Problem to solve: The span to repeat in the listing below runs from the line containing "PWM & H-Bridge/RConn2 -- DC Motor/RConn1" to the line containing "Load Force/RConn2 -- Mechanical", inclusive. Repeat it exactly, and only it.
--- START ---
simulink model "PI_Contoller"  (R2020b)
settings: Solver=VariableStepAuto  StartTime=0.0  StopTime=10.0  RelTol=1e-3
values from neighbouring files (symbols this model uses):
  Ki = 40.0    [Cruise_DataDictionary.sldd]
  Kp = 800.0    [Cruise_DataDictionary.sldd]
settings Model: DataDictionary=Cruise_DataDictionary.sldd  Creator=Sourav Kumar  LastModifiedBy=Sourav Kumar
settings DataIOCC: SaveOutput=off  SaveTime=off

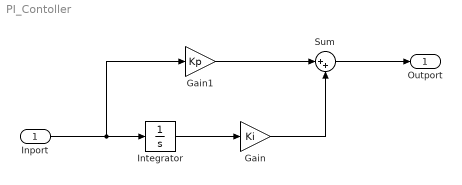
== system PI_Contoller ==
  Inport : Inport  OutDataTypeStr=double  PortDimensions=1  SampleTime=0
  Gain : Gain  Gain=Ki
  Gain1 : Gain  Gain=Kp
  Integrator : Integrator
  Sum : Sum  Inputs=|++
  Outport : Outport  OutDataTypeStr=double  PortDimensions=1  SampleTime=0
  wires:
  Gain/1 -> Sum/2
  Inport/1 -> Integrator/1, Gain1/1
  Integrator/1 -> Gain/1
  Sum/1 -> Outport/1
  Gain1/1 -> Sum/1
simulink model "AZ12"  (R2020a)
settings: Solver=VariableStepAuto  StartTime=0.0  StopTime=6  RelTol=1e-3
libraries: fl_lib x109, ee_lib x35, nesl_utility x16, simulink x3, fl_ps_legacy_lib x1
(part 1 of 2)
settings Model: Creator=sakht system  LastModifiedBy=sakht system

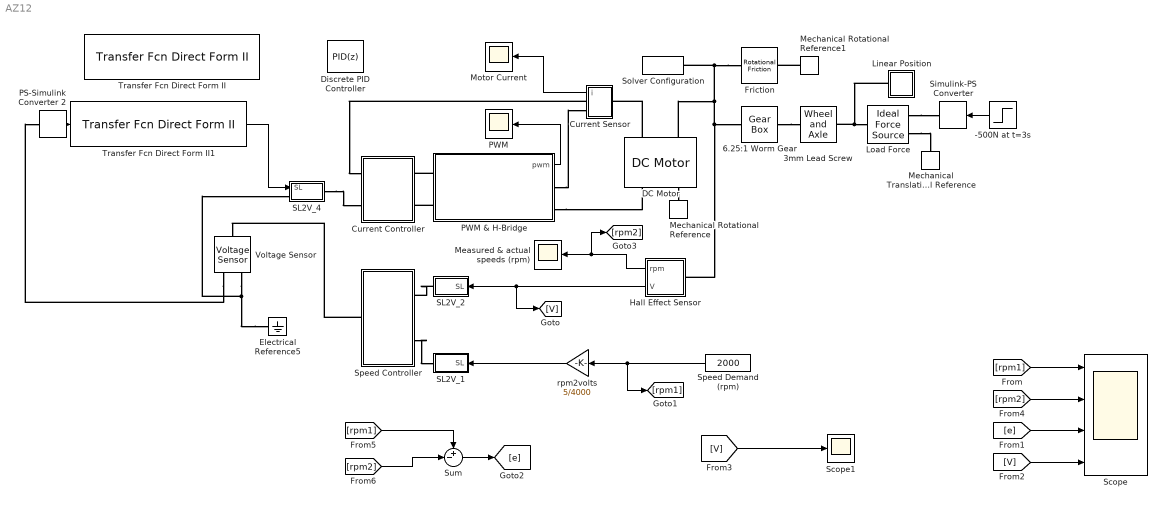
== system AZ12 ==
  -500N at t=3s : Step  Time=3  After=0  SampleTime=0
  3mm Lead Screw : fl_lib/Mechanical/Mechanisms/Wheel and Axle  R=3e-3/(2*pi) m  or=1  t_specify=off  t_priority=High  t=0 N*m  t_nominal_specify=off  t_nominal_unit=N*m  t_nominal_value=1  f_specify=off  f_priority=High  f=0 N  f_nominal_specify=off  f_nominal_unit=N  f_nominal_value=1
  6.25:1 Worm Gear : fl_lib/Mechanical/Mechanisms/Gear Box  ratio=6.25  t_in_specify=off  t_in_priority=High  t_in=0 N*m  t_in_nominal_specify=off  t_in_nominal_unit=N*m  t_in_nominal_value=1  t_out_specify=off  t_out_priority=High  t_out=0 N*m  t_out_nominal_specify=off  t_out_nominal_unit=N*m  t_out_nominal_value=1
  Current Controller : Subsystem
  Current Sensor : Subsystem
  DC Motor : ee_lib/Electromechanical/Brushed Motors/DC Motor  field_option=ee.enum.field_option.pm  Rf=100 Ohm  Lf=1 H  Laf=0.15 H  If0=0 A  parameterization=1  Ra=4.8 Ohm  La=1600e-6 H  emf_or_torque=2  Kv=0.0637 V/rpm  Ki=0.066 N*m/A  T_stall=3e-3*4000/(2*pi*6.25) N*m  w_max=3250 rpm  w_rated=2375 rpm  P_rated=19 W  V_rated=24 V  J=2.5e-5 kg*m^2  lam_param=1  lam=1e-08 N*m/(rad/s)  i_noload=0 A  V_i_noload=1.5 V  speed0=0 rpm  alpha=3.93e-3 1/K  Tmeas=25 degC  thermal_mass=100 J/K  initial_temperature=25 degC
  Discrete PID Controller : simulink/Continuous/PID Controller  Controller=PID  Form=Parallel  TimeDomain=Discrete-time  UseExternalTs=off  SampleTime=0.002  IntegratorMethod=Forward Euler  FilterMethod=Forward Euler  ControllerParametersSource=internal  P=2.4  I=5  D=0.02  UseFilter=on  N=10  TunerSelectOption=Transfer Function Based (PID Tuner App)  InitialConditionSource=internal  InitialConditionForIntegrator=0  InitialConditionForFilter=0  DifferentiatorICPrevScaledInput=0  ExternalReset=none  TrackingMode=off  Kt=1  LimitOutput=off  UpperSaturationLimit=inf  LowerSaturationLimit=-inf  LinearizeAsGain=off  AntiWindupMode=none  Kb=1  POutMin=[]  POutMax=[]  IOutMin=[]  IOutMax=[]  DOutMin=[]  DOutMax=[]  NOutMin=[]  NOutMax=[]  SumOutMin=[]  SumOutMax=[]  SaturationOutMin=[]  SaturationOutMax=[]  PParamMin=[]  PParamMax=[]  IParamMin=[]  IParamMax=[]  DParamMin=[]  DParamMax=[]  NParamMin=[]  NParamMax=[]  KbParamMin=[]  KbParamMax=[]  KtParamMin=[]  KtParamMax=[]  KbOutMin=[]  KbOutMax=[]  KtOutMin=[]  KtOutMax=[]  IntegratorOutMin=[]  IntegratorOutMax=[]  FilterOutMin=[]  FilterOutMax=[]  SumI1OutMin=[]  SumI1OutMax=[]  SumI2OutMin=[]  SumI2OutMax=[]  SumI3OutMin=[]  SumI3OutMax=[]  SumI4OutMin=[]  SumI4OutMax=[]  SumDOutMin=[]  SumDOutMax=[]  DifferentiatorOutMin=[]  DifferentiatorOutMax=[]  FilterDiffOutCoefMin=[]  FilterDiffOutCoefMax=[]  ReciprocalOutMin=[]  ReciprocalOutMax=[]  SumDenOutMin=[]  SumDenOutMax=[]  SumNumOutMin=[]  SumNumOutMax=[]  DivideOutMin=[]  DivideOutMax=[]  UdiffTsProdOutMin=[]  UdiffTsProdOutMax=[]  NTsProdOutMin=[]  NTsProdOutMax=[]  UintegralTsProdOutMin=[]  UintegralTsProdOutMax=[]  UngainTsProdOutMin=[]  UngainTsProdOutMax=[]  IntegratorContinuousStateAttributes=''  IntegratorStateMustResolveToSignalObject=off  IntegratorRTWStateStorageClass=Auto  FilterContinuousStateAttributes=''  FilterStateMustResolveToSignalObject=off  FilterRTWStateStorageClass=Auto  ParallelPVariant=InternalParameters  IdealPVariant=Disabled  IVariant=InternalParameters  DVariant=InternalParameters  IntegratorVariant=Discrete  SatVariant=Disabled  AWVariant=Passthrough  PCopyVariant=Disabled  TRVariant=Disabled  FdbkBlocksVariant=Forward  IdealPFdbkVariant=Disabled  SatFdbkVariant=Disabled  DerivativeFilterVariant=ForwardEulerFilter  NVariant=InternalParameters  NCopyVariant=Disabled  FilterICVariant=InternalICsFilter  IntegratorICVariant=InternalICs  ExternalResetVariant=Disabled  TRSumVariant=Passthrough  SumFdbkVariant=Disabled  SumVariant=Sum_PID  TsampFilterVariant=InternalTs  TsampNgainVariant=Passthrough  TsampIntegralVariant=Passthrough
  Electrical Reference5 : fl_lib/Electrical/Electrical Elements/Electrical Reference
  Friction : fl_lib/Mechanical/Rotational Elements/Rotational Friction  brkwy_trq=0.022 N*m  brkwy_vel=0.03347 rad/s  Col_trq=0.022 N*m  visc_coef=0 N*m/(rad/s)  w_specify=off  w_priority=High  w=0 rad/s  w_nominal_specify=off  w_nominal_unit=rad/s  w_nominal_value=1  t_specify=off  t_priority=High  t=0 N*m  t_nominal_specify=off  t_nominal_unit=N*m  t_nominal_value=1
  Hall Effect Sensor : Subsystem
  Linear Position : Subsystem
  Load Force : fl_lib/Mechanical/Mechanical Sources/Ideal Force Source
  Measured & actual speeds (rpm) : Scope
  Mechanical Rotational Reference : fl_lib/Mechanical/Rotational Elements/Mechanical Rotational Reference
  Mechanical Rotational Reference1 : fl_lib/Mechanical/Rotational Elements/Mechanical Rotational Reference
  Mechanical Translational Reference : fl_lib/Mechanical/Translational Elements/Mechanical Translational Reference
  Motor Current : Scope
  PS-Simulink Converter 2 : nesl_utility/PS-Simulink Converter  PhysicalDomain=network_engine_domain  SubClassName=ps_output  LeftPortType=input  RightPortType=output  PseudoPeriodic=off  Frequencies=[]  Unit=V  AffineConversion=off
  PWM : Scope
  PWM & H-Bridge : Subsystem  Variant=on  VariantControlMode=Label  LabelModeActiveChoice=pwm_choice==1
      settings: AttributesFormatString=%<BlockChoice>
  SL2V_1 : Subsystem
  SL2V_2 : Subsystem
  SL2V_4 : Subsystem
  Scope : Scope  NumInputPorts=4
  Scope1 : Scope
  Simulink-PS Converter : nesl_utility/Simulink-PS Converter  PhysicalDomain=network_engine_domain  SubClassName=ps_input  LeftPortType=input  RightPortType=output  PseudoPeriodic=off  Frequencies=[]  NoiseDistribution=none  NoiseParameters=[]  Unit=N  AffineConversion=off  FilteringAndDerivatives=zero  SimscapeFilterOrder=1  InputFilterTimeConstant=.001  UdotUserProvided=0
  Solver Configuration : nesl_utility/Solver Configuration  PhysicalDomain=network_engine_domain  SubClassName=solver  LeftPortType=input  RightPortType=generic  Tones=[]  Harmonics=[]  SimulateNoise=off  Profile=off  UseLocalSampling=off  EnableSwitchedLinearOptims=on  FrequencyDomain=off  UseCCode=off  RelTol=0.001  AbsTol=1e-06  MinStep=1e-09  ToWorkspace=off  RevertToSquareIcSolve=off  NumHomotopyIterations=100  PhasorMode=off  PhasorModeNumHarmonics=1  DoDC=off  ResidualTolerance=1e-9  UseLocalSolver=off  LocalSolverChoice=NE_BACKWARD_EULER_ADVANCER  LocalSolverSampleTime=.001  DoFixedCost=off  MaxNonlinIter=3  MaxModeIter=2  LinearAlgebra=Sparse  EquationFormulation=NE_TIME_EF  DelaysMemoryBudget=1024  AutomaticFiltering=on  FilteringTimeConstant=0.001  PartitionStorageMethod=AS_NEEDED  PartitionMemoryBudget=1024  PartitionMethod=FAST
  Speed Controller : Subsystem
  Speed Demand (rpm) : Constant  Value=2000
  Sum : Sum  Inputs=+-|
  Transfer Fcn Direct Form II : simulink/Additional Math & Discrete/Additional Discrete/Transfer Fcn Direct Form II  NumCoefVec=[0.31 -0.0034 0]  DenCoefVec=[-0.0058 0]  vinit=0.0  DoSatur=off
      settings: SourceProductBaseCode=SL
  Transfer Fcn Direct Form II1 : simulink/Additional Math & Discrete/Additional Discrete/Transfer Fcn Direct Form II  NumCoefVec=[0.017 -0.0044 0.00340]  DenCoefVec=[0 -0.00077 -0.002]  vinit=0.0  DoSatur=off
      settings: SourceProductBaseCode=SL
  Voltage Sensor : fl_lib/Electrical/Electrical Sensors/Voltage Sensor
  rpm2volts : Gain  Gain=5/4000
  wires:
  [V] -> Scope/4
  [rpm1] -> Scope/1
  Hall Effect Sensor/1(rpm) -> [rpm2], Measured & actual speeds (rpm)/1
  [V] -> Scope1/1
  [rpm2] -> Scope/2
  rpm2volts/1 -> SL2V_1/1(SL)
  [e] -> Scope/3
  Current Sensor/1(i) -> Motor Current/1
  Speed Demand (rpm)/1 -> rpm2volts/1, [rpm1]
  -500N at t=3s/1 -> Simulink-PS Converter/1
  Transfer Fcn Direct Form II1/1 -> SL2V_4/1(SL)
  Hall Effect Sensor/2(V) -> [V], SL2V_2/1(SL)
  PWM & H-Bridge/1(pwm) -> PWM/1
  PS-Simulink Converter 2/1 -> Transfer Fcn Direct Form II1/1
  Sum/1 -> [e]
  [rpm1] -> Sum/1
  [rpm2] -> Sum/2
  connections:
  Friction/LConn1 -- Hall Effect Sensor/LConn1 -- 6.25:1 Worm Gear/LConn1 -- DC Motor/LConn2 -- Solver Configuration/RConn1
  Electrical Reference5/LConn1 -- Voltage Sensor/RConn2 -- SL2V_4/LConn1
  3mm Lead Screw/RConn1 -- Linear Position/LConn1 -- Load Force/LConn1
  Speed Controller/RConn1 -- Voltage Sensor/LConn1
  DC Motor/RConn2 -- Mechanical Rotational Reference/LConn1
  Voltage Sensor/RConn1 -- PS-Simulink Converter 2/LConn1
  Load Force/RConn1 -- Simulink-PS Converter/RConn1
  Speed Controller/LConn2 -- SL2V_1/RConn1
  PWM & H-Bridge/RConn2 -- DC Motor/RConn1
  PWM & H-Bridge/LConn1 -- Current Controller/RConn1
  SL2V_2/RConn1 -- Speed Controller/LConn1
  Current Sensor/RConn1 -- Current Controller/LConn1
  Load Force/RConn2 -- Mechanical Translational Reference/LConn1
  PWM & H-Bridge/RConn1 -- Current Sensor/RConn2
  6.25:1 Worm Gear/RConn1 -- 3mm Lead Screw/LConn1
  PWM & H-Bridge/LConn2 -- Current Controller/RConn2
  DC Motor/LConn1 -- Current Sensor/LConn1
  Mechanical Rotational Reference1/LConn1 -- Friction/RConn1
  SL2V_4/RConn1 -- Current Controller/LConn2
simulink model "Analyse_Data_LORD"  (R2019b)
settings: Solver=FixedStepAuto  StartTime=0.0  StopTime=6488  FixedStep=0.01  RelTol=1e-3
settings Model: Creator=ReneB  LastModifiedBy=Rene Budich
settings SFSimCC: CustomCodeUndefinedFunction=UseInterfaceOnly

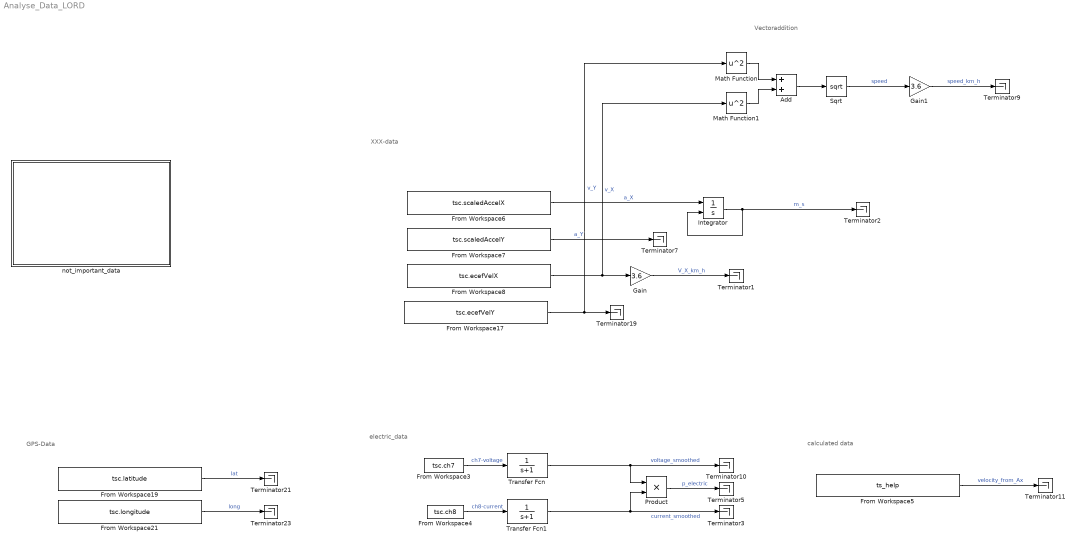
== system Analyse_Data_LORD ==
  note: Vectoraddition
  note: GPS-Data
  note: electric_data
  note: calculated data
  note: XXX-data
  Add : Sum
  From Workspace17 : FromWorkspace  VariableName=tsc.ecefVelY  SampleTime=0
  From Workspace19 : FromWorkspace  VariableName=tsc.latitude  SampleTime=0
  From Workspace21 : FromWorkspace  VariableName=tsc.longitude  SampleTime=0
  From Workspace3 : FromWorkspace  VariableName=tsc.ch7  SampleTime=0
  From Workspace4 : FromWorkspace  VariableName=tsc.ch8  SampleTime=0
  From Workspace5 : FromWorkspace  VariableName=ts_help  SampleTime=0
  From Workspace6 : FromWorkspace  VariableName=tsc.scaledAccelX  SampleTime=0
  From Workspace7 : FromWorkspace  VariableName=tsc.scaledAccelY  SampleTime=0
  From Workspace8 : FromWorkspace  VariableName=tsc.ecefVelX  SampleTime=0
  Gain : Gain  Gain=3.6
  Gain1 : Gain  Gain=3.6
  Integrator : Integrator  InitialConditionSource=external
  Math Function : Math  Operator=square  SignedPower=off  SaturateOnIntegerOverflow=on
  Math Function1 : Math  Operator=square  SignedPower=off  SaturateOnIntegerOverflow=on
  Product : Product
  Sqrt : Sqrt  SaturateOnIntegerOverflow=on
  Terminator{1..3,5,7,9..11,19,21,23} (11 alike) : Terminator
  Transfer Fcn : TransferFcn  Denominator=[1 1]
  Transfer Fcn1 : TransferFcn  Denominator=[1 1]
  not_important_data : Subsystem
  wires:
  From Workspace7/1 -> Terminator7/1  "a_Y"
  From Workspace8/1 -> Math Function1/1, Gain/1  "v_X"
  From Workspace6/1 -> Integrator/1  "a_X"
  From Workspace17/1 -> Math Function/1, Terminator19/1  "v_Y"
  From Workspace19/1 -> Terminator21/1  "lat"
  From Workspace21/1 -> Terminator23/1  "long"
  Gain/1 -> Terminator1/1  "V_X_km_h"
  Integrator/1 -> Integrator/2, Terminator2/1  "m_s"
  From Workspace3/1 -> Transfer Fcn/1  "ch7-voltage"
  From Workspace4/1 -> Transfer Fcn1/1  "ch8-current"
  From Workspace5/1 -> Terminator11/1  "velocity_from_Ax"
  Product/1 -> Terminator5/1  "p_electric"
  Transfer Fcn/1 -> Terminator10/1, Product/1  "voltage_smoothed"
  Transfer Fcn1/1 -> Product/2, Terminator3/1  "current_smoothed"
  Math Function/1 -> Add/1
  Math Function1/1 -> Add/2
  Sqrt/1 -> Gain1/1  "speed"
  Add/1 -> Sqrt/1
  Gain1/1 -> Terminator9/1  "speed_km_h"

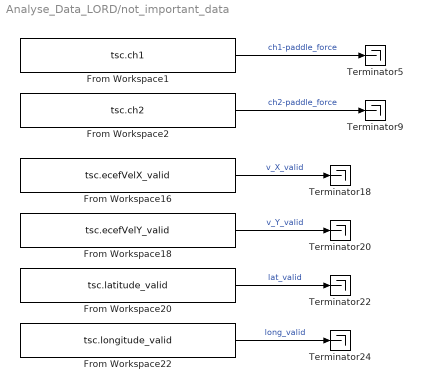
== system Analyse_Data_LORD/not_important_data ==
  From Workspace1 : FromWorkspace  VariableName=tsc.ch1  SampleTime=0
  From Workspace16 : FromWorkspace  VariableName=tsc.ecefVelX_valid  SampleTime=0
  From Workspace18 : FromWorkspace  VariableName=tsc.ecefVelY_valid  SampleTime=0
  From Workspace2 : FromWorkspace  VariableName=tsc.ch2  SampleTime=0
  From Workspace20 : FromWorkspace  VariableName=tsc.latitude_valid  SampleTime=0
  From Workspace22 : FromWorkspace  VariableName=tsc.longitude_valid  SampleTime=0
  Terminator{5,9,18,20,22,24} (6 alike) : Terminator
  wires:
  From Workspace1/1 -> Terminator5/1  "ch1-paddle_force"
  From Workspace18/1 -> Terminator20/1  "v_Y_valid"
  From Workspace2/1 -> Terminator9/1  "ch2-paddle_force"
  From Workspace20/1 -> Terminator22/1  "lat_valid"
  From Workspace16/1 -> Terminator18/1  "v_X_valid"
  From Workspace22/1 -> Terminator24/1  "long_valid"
--- END ---
Written answer:
  PWM & H-Bridge/RConn2 -- DC Motor/RConn1
  PWM & H-Bridge/LConn1 -- Current Controller/RConn1
  SL2V_2/RConn1 -- Speed Controller/LConn1
  Current Sensor/RConn1 -- Current Controller/LConn1
  Load Force/RConn2 -- Mechanical Translational Reference/LConn1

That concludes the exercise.